Much of the relationship between higher education and the technology sector has historically been transactional, where institutions identified needs and companies developed products resulting in solutions being evaluated, purchased, and implemented, often by bolting it onto an existing platform. That model is no longer sufficient. The future architecture of learning cannot be designed by technology companies and then delivered to education institutions. Nor can it be designed by education institutions and handed to technology providers for implementation. Both approaches assume a sequential relationship in which one side creates and the other executes.
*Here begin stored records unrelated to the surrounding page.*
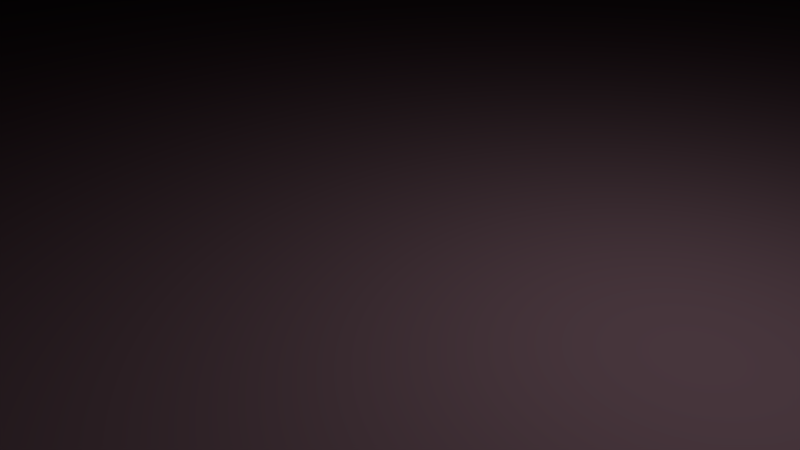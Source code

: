 # Source: RockyWallBackup.blend  (saved by Blender 2.78.0; exported with 4.5.12 LTS)
import bpy
from mathutils import Matrix  # noqa: F401  (used for matrix-valued properties, if any)

bpy.ops.wm.read_factory_settings(use_empty=True)
scene = bpy.context.scene
scene.name = 'Scene'

# ---- collections
col_collection_1 = bpy.data.collections.new('Collection 1'); scene.collection.children.link(col_collection_1)

# ---- materials (node trees are filled in below, after node groups)
mat_wall = bpy.data.materials.new('Wall')
mat_wall.alpha_threshold = 0.0
mat_wall.use_transparent_shadow = False
mat_wall.diffuse_color = (0.8689, 0.5033, 0.6228, 1.0)
mat_wall.roughness = 0.5

# ---- material node trees

# ---- world
world_world = bpy.data.worlds.new('World'); scene.world = world_world
world_world.color = (0.05088, 0.05088, 0.05088)
world_world.use_sun_shadow = False
world_world.sun_shadow_jitter_overblur = 0.0
world_world.cycles.sampling_method = 'MANUAL'

# ---- cameras
cam_camera = bpy.data.cameras.new('Camera')
cam_camera.clip_end = 100.0
cam_camera.lens = 35.0
cam_camera.sensor_width = 32.0
cam_camera.sensor_height = 18.0
cam_camera.ortho_scale = 7.314
cam_camera.dof.focus_distance = 0.0
cam_camera.dof.aperture_fstop = 128.0

# ---- lights
light_lamp = bpy.data.lights.new('Lamp', 'POINT')
light_lamp.transmission_factor = 0.0
light_lamp.cutoff_distance = 30.0
light_lamp.energy = 100.0
light_lamp.shadow_buffer_clip_start = 1.001
light_lamp.shadow_soft_size = 0.1
light_lamp.shadow_maximum_resolution = 0.006
light_lamp.use_absolute_resolution = True

# ---- meshes
me_cube_001 = bpy.data.meshes.new('Cube.001')
me_cube_001.from_pydata([(750.0, 2796.0, 750.0), (750.0, 2796.0, 1023.0), (-546.0, 3000.0, 477.0), (-546.0, 3000.0, 750.0), (-546.0, 3000.0, 1023.0), (-750.0, 2796.0, 1023.0), (-750.0, 2796.0, 750.0), (-750.0, 2796.0, 477.0), (-546.0, 2796.0, 0.0), (-750.0, 2796.0, 204.0), (-546.0, 3000.0, 204.0), (-750.0, 2796.0, 1296.0), (-546.0, 2796.0, 1500.0), (-546.0, 3000.0, 1296.0), (546.0, 2796.0, 0.0), (546.0, 3000.0, 204.0), (750.0, 2796.0, 204.0), (546.0, 2796.0, 1500.0), (750.0, 2796.0, 1296.0), (546.0, 3000.0, 1296.0), (-546.0, -2796.0, 0.0), (-546.0, -3000.0, 204.0), (-750.0, -2796.0, 204.0), (-546.0, -2796.0, 1500.0), (-750.0, -2796.0, 1296.0), (-546.0, -3000.0, 1296.0), (546.0, -2796.0, 0.0), (750.0, -2796.0, 204.0), (546.0, -3000.0, 204.0), (546.0, -2796.0, 1500.0), (546.0, -3000.0, 1296.0), (750.0, -2796.0, 1296.0), (750.0, 2796.0, 477.0), (546.0, 3000.0, 477.0), (546.0, 3000.0, 750.0), (546.0, 3000.0, 1023.0), (546.0, -3000.0, 1023.0), (546.0, -3000.0, 750.0), (546.0, -3000.0, 477.0), (750.0, -2796.0, 477.0), (750.0, -2796.0, 750.0), (750.0, -2796.0, 1023.0), (-750.0, -2796.0, 1023.0), (-750.0, -2796.0, 750.0), (-750.0, -2796.0, 477.0), (-546.0, -3000.0, 477.0), (-546.0, -3000.0, 750.0), (-546.0, -3000.0, 1023.0), (546.0, -2097.0, 0.0), (546.0, -1398.0, 0.0), (546.0, -699.0, 0.0), (546.0, 0.0001221, 0.0), (546.0, 699.0, 0.0), (546.0, 1398.0, 0.0), (546.0, 2097.0, 0.0), (750.0, 2097.0, 204.0), (750.0, 1398.0, 204.0), (750.0, 699.0, 204.0), (750.0, -0.0001221, 204.0), (750.0, -699.0, 204.0), (750.0, -1398.0, 204.0), (750.0, -2097.0, 204.0), (546.0, 2097.0, 1500.0), (546.0, 1398.0, 1500.0), (546.0, 699.0, 1500.0), (546.0, -0.0001221, 1500.0), (546.0, -699.0, 1500.0), (546.0, -1398.0, 1500.0), (546.0, -2097.0, 1500.0), (750.0, -2097.0, 1296.0), (750.0, -1398.0, 1296.0), (750.0, -699.0, 1296.0), (750.0, 0.0001221, 1296.0), (750.0, 699.0, 1296.0), (750.0, 1398.0, 1296.0), (750.0, 2097.0, 1296.0), (-546.0, 2097.0, 0.0), (-546.0, 1398.0, 0.0), (-546.0, 699.0, 0.0), (-546.0, -0.0001221, 0.0), (-546.0, -699.0, 0.0), (-546.0, -1398.0, 0.0), (-546.0, -2097.0, 0.0), (-750.0, -2097.0, 204.0), (-750.0, -1398.0, 204.0), (-750.0, -699.0, 204.0), (-750.0, 0.0001221, 204.0), (-750.0, 699.0, 204.0), (-750.0, 1398.0, 204.0), (-750.0, 2097.0, 204.0), (-546.0, -2097.0, 1500.0), (-546.0, -1398.0, 1500.0), (-546.0, -699.0, 1500.0), (-546.0, 0.0001221, 1500.0), (-546.0, 699.0, 1500.0), (-546.0, 1398.0, 1500.0), (-546.0, 2097.0, 1500.0), (-750.0, 2097.0, 1296.0), (-750.0, 1398.0, 1296.0), (-750.0, 699.0, 1296.0), (-750.0, -0.0001221, 1296.0), (-750.0, -699.0, 1296.0), (-750.0, -1398.0, 1296.0), (-750.0, -2097.0, 1296.0), (750.0, 2097.0, 477.0), (750.0, 1398.0, 477.0), (750.0, 699.0, 477.0), (750.0, -0.0001221, 477.0), (750.0, -699.0, 477.0), (750.0, -1398.0, 477.0), (750.0, -2097.0, 477.0), (750.0, 2097.0, 750.0), (750.0, 1398.0, 750.0), (750.0, 699.0, 750.0), (750.0, -0.0001221, 750.0), (750.0, -699.0, 750.0), (750.0, -1398.0, 750.0), (750.0, -2097.0, 750.0), (750.0, 2097.0, 1023.0), (750.0, 1398.0, 1023.0), (750.0, 699.0, 1023.0), (750.0, -0.0001221, 1023.0), (750.0, -699.0, 1023.0), (750.0, -1398.0, 1023.0), (750.0, -2097.0, 1023.0), (-750.0, -2097.0, 477.0), (-750.0, -1398.0, 477.0), (-750.0, -699.0, 477.0), (-750.0, 0.0001221, 477.0), (-750.0, 699.0, 477.0), (-750.0, 1398.0, 477.0), (-750.0, 2097.0, 477.0), (-750.0, -2097.0, 750.0), (-750.0, -1398.0, 750.0), (-750.0, -699.0, 750.0), (-750.0, 0.0001221, 750.0), (-750.0, 699.0, 750.0), (-750.0, 1398.0, 750.0), (-750.0, 2097.0, 750.0), (-750.0, -2097.0, 1023.0), (-750.0, -1398.0, 1023.0), (-750.0, -699.0, 1023.0), (-750.0, 0.0001221, 1023.0), (-750.0, 699.0, 1023.0), (-750.0, 1398.0, 1023.0), (-750.0, 2097.0, 1023.0), (273.0, 2796.0, 0.0), (0.003082, 2796.0, 0.0), (-273.0, 2796.0, 0.0), (-273.0, 3000.0, 204.0), (0.003326, 3000.0, 204.0), (273.0, 3000.0, 204.0), (-273.0, 2796.0, 1500.0), (0.003082, 2796.0, 1500.0), (273.0, 2796.0, 1500.0), (273.0, 3000.0, 1296.0), (0.003265, 3000.0, 1296.0), (-273.0, 3000.0, 1296.0), (-273.0, -2796.0, 0.0), (-0.003082, -2796.0, 0.0), (273.0, -2796.0, 0.0), (273.0, -3000.0, 204.0), (-0.003326, -3000.0, 204.0), (-273.0, -3000.0, 204.0), (273.0, -2796.0, 1500.0), (-0.003082, -2796.0, 1500.0), (-273.0, -2796.0, 1500.0), (-273.0, -3000.0, 1296.0), (-0.003265, -3000.0, 1296.0), (273.0, -3000.0, 1296.0), (-273.0, 3000.0, 477.0), (0.003326, 3000.0, 477.0), (273.0, 3000.0, 477.0), (-273.0, 3000.0, 750.0), (0.003326, 3000.0, 750.0), (273.0, 3000.0, 750.0), (-273.0, 3000.0, 1023.0), (0.003326, 3000.0, 1023.0), (273.0, 3000.0, 1023.0), (273.0, -3000.0, 477.0), (-0.003326, -3000.0, 477.0), (-273.0, -3000.0, 477.0), (273.0, -3000.0, 750.0), (-0.003326, -3000.0, 750.0), (-273.0, -3000.0, 750.0), (273.0, -3000.0, 1023.0), (-0.003326, -3000.0, 1023.0), (-273.0, -3000.0, 1023.0), (273.0, 2097.0, 0.0), (0.002289, 2097.0, 0.0), (-273.0, 2097.0, 0.0), (273.0, 1398.0, 0.0), (0.001495, 1398.0, 0.0), (-273.0, 1398.0, 0.0), (273.0, 699.0, 0.0), (0.0007629, 699.0, 0.0), (-273.0, 699.0, 0.0), (273.0, 6.104e-05, 0.0), (-3.052e-05, 0.0, 0.0), (-273.0, -6.104e-05, 0.0), (273.0, -699.0, 0.0), (-0.000824, -699.0, 0.0), (-273.0, -699.0, 0.0), (273.0, -1398.0, 0.0), (-0.001556, -1398.0, 0.0), (-273.0, -1398.0, 0.0), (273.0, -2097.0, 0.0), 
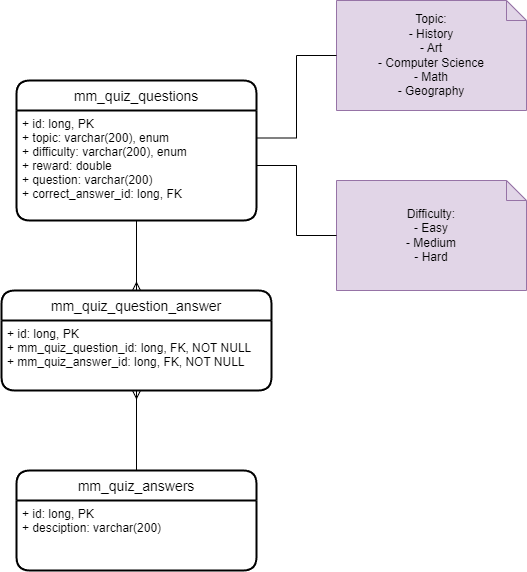

The diagram above was exported from draw.io. Its source (the exported page's mxGraphModel, read from the mxfile embedded in the PNG):
<mxGraphModel dx="1434" dy="750" grid="1" gridSize="10" guides="1" tooltips="1" connect="1" arrows="1" fold="1" page="1" pageScale="1" pageWidth="850" pageHeight="1100" math="0" shadow="0">
  <root>
    <mxCell id="0" />
    <mxCell id="1" parent="0" />
    <mxCell id="Gt_rVavG42nOz7RR0JOP-1" value="Topic:&lt;br&gt;- History&lt;br&gt;- Art&lt;br&gt;- Computer Science&lt;br&gt;- Math&lt;br&gt;- Geography" style="shape=note;size=20;whiteSpace=wrap;html=1;fillColor=#e1d5e7;strokeColor=#9673a6;" vertex="1" parent="1">
      <mxGeometry x="485" y="90" width="190" height="110" as="geometry" />
    </mxCell>
    <mxCell id="Gt_rVavG42nOz7RR0JOP-2" value="Difficulty:&lt;br&gt;- Easy&lt;br&gt;- Medium&lt;br&gt;- Hard" style="shape=note;size=20;whiteSpace=wrap;html=1;fillColor=#e1d5e7;strokeColor=#9673a6;" vertex="1" parent="1">
      <mxGeometry x="485" y="270" width="190" height="110" as="geometry" />
    </mxCell>
    <mxCell id="Gt_rVavG42nOz7RR0JOP-3" value="mm_quiz_questions" style="swimlane;childLayout=stackLayout;horizontal=1;startSize=30;horizontalStack=0;rounded=1;fontSize=14;fontStyle=0;strokeWidth=2;resizeParent=0;resizeLast=1;shadow=0;dashed=0;align=center;" vertex="1" parent="1">
      <mxGeometry x="165" y="170" width="240" height="140" as="geometry" />
    </mxCell>
    <mxCell id="Gt_rVavG42nOz7RR0JOP-4" value="+ id: long, PK&#10;+ topic: varchar(200), enum&#10;+ difficulty: varchar(200), enum&#10;+ reward: double&#10;+ question: varchar(200)&#10;+ correct_answer_id: long, FK " style="align=left;strokeColor=none;fillColor=none;spacingLeft=4;fontSize=12;verticalAlign=top;resizable=0;rotatable=0;part=1;" vertex="1" parent="Gt_rVavG42nOz7RR0JOP-3">
      <mxGeometry y="30" width="240" height="110" as="geometry" />
    </mxCell>
    <mxCell id="Gt_rVavG42nOz7RR0JOP-5" style="edgeStyle=orthogonalEdgeStyle;rounded=0;orthogonalLoop=1;jettySize=auto;html=1;exitX=1;exitY=0.25;exitDx=0;exitDy=0;entryX=0;entryY=0.5;entryDx=0;entryDy=0;entryPerimeter=0;endArrow=none;endFill=0;" edge="1" parent="1" source="Gt_rVavG42nOz7RR0JOP-4" target="Gt_rVavG42nOz7RR0JOP-1">
      <mxGeometry relative="1" as="geometry" />
    </mxCell>
    <mxCell id="Gt_rVavG42nOz7RR0JOP-6" style="edgeStyle=orthogonalEdgeStyle;rounded=0;orthogonalLoop=1;jettySize=auto;html=1;exitX=1;exitY=0.5;exitDx=0;exitDy=0;entryX=0;entryY=0.5;entryDx=0;entryDy=0;entryPerimeter=0;endArrow=none;endFill=0;" edge="1" parent="1" source="Gt_rVavG42nOz7RR0JOP-4" target="Gt_rVavG42nOz7RR0JOP-2">
      <mxGeometry relative="1" as="geometry" />
    </mxCell>
    <mxCell id="Gt_rVavG42nOz7RR0JOP-7" value="mm_quiz_answers" style="swimlane;childLayout=stackLayout;horizontal=1;startSize=30;horizontalStack=0;rounded=1;fontSize=14;fontStyle=0;strokeWidth=2;resizeParent=0;resizeLast=1;shadow=0;dashed=0;align=center;" vertex="1" parent="1">
      <mxGeometry x="165" y="560" width="240" height="100" as="geometry" />
    </mxCell>
    <mxCell id="Gt_rVavG42nOz7RR0JOP-8" value="+ id: long, PK&#10;+ desciption: varchar(200)" style="align=left;strokeColor=none;fillColor=none;spacingLeft=4;fontSize=12;verticalAlign=top;resizable=0;rotatable=0;part=1;" vertex="1" parent="Gt_rVavG42nOz7RR0JOP-7">
      <mxGeometry y="30" width="240" height="70" as="geometry" />
    </mxCell>
    <mxCell id="Gt_rVavG42nOz7RR0JOP-9" style="edgeStyle=orthogonalEdgeStyle;rounded=0;orthogonalLoop=1;jettySize=auto;html=1;exitX=0.5;exitY=1;exitDx=0;exitDy=0;endArrow=ERmany;endFill=0;entryX=0.5;entryY=0;entryDx=0;entryDy=0;" edge="1" parent="1" source="Gt_rVavG42nOz7RR0JOP-4" target="Gt_rVavG42nOz7RR0JOP-10">
      <mxGeometry relative="1" as="geometry">
        <mxPoint x="285" y="370" as="targetPoint" />
      </mxGeometry>
    </mxCell>
    <mxCell id="Gt_rVavG42nOz7RR0JOP-10" value="mm_quiz_question_answer" style="swimlane;childLayout=stackLayout;horizontal=1;startSize=30;horizontalStack=0;rounded=1;fontSize=14;fontStyle=0;strokeWidth=2;resizeParent=0;resizeLast=1;shadow=0;dashed=0;align=center;" vertex="1" parent="1">
      <mxGeometry x="150" y="380" width="270" height="100" as="geometry" />
    </mxCell>
    <mxCell id="Gt_rVavG42nOz7RR0JOP-11" value="+ id: long, PK&#10;+ mm_quiz_question_id: long, FK, NOT NULL&#10;+ mm_quiz_answer_id: long, FK, NOT NULL" style="align=left;strokeColor=none;fillColor=none;spacingLeft=4;fontSize=12;verticalAlign=top;resizable=0;rotatable=0;part=1;" vertex="1" parent="Gt_rVavG42nOz7RR0JOP-10">
      <mxGeometry y="30" width="270" height="70" as="geometry" />
    </mxCell>
    <mxCell id="Gt_rVavG42nOz7RR0JOP-12" value="" style="fontSize=12;html=1;endArrow=ERmany;rounded=0;exitX=0.5;exitY=0;exitDx=0;exitDy=0;entryX=0.5;entryY=1;entryDx=0;entryDy=0;" edge="1" parent="1" source="Gt_rVavG42nOz7RR0JOP-7" target="Gt_rVavG42nOz7RR0JOP-11">
      <mxGeometry width="100" height="100" relative="1" as="geometry">
        <mxPoint x="505" y="550" as="sourcePoint" />
        <mxPoint x="605" y="450" as="targetPoint" />
      </mxGeometry>
    </mxCell>
  </root>
</mxGraphModel>

Such models usually fail because they separate design from application, and innovation from context. The future requires something radically different and hence the discussion cannot remain a procurement process. Technology organizations bring expertise in artificial intelligence, data systems, simulation environments, and emerging capabilities. Education institutions contribute learning science, disciplinary expertise, assessment, and human development, in addition to cutting-edge research in fields that technology organizations are commercializing. Employers understand evolving workforce realities and emerging capability needs. Governments provide public priorities, incentives, and social direction.
Each possesses critical knowledge and none possesses all of it. The future of learning will emerge not through sequential transactions but through co-design, necessitating partnerships built around shared responsibility, shared experimentation, and shared outcomes. This is why partnerships become so important. The future of learning depends not only on stronger, forward-thinking institutions, but also on stronger relationships among the organizations that shape how learning occurs and will be used.
Designing Learning for an Age of Abundant Intelligence
In this emerging environment, the role of higher education may become even more important, though fundamentally different. The value may lie less in controlling access to information and more in providing intellectual coherence, fostering community, cultivating critical reasoning, integrating diverse learning experiences, and validating capability. Rather than serving as the sole providers of learning, institutions of higher education will increasingly function as architects, conveners, and orchestrators within broader learning ecosystems.
The institutions that thrive will not be those that adopt artificial intelligence to make existing models more efficient. They will be those that use AI to redesign learning, reimagine capability development, and build the partnerships necessary to support an age of abundant intelligence. The most important question for higher ed is no longer what AI can do, but rather how learning should be re-envisioned, and what higher education should become when intelligence is continuously available. The stakes extend far beyond higher education itself. The ability to develop adaptable talent, accelerate innovation, strengthen civic capacity, and address increasingly complex societal challenges will depend upon how effectively institutions rethink learning for this new age. The opportunity before us is therefore not simply to adopt a new technology but rather to help design the learning infrastructure upon which future economic prosperity, competitiveness, and social progress will depend.